▸ Data for review:
▬▬▬▬▬▬
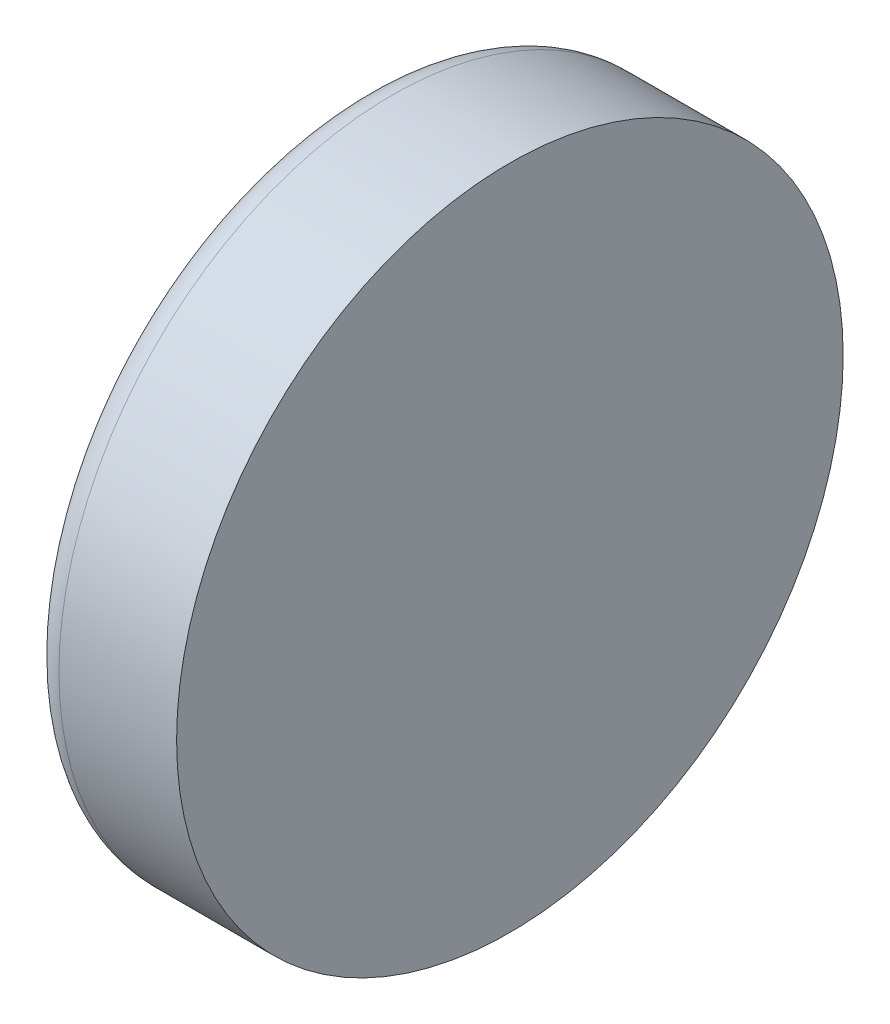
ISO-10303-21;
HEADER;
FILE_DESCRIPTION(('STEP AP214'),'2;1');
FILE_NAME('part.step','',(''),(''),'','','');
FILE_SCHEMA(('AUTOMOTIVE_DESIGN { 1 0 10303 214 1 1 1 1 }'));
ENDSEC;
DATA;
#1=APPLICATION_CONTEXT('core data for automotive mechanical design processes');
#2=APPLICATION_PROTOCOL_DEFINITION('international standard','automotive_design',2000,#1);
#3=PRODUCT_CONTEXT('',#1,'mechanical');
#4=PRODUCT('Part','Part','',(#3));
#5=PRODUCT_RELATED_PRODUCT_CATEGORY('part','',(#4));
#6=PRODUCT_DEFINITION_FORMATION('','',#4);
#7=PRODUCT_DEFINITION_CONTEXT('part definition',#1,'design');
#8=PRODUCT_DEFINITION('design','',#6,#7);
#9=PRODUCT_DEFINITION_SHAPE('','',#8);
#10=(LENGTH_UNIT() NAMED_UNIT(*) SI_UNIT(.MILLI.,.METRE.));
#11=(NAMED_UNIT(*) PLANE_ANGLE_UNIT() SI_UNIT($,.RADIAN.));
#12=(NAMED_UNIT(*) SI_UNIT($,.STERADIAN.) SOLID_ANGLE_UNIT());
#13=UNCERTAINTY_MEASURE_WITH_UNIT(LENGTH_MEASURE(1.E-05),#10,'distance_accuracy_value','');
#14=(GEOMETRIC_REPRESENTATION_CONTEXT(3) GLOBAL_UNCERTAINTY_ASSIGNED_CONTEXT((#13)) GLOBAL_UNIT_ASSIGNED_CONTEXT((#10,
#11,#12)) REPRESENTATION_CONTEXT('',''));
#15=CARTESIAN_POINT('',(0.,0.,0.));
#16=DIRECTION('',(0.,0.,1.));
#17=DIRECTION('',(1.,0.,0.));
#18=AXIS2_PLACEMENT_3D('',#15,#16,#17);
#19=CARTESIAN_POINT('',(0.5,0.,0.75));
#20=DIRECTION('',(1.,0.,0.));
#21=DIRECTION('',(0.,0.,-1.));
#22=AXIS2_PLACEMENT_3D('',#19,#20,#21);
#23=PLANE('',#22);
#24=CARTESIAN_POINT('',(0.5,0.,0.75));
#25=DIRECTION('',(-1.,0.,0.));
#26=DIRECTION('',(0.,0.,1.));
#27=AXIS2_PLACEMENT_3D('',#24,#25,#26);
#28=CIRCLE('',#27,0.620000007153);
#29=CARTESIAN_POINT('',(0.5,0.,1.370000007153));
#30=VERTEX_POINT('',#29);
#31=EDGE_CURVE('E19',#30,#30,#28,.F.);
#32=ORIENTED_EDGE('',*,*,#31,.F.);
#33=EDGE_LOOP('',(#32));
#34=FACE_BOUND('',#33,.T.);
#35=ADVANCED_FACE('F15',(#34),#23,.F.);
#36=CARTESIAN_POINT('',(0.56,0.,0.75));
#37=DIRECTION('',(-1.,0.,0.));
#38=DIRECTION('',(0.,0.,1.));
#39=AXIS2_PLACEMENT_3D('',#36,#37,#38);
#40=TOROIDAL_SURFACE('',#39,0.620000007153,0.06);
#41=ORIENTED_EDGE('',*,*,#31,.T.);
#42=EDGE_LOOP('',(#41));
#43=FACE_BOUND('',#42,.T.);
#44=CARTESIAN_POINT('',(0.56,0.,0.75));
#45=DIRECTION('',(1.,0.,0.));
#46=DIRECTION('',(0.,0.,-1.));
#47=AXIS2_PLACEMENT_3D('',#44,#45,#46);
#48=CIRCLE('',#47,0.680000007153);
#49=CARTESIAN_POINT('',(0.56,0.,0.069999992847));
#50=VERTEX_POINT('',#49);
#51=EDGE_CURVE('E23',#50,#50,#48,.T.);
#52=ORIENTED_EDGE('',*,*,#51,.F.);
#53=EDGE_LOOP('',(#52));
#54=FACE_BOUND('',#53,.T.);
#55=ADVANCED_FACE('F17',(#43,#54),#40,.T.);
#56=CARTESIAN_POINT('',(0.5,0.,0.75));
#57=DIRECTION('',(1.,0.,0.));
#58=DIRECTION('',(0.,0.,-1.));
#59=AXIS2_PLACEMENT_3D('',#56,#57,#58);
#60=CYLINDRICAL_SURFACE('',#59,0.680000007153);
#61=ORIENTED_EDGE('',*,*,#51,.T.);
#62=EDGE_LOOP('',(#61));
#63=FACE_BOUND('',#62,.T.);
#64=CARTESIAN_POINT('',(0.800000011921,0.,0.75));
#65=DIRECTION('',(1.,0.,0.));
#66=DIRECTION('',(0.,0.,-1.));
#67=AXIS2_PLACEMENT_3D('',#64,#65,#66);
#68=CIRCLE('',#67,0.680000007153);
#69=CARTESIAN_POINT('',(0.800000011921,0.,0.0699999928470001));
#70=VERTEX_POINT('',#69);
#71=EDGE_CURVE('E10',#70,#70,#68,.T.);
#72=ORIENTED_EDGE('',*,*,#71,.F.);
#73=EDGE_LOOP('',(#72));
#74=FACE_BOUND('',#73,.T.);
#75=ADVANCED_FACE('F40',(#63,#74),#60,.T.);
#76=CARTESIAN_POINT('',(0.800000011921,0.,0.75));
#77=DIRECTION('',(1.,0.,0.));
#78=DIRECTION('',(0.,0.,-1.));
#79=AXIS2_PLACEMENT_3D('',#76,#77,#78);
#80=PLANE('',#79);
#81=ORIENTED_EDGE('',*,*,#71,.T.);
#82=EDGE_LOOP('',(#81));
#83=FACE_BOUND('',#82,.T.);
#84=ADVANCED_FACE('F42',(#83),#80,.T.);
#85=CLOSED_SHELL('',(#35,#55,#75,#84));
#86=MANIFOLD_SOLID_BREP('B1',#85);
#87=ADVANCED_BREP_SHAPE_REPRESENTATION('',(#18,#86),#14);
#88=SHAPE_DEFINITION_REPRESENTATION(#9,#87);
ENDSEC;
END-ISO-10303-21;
▬▬▬▬▬▬
Repeat exactly the lines above from the line that contains "#80=PLANE('',#79);" through the end. Include both of these ends; leave out everything else.

▸ Response below:
#80=PLANE('',#79);
#81=ORIENTED_EDGE('',*,*,#71,.T.);
#82=EDGE_LOOP('',(#81));
#83=FACE_BOUND('',#82,.T.);
#84=ADVANCED_FACE('F42',(#83),#80,.T.);
#85=CLOSED_SHELL('',(#35,#55,#75,#84));
#86=MANIFOLD_SOLID_BREP('B1',#85);
#87=ADVANCED_BREP_SHAPE_REPRESENTATION('',(#18,#86),#14);
#88=SHAPE_DEFINITION_REPRESENTATION(#9,#87);
ENDSEC;
END-ISO-10303-21;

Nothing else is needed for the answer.